** Task goal **
For each line of the data below that holds "radius", copy the line.
-- Data supplied follows --
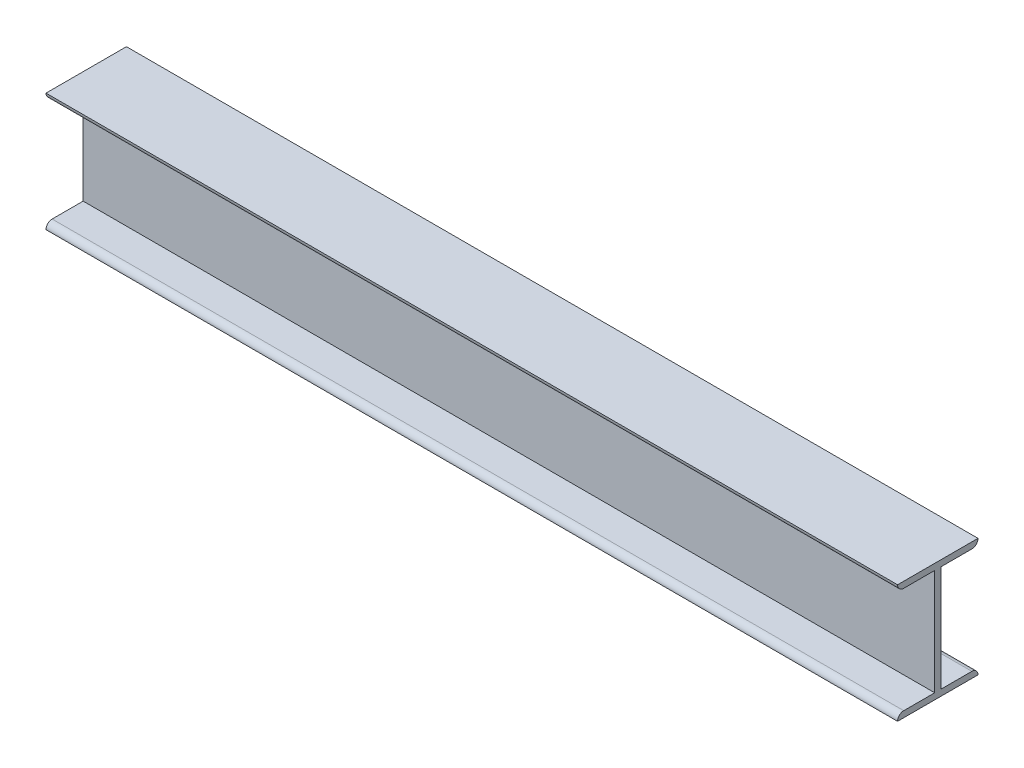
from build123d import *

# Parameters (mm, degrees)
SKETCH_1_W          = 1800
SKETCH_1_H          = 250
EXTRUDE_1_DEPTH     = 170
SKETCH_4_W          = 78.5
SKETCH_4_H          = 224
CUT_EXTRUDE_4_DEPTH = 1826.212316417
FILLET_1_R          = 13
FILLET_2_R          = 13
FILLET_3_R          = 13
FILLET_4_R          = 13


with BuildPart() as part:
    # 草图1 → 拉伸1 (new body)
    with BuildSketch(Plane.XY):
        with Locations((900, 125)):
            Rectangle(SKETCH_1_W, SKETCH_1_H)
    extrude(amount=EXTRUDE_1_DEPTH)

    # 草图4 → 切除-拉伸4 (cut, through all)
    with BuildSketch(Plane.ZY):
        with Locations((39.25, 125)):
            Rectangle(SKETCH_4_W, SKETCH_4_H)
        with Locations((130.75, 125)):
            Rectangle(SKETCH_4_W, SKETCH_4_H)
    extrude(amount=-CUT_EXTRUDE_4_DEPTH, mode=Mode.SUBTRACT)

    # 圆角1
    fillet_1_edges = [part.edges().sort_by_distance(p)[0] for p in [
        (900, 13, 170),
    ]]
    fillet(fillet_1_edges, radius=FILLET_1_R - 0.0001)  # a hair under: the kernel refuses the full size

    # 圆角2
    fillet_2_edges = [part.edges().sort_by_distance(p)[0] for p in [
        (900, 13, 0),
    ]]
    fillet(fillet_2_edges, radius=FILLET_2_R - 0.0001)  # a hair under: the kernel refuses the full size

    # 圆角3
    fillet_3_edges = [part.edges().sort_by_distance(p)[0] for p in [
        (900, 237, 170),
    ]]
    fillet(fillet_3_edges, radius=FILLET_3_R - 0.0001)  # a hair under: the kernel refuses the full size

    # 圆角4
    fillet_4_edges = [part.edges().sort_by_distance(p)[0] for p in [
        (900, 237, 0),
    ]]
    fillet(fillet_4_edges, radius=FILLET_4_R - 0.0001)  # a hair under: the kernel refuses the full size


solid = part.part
-- Data supplied concluded --
** Exercise result **
    fillet(fillet_1_edges, radius=FILLET_1_R - 0.0001)  # a hair under: the kernel refuses the full size
    fillet(fillet_2_edges, radius=FILLET_2_R - 0.0001)  # a hair under: the kernel refuses the full size
    fillet(fillet_3_edges, radius=FILLET_3_R - 0.0001)  # a hair under: the kernel refuses the full size
    fillet(fillet_4_edges, radius=FILLET_4_R - 0.0001)  # a hair under: the kernel refuses the full size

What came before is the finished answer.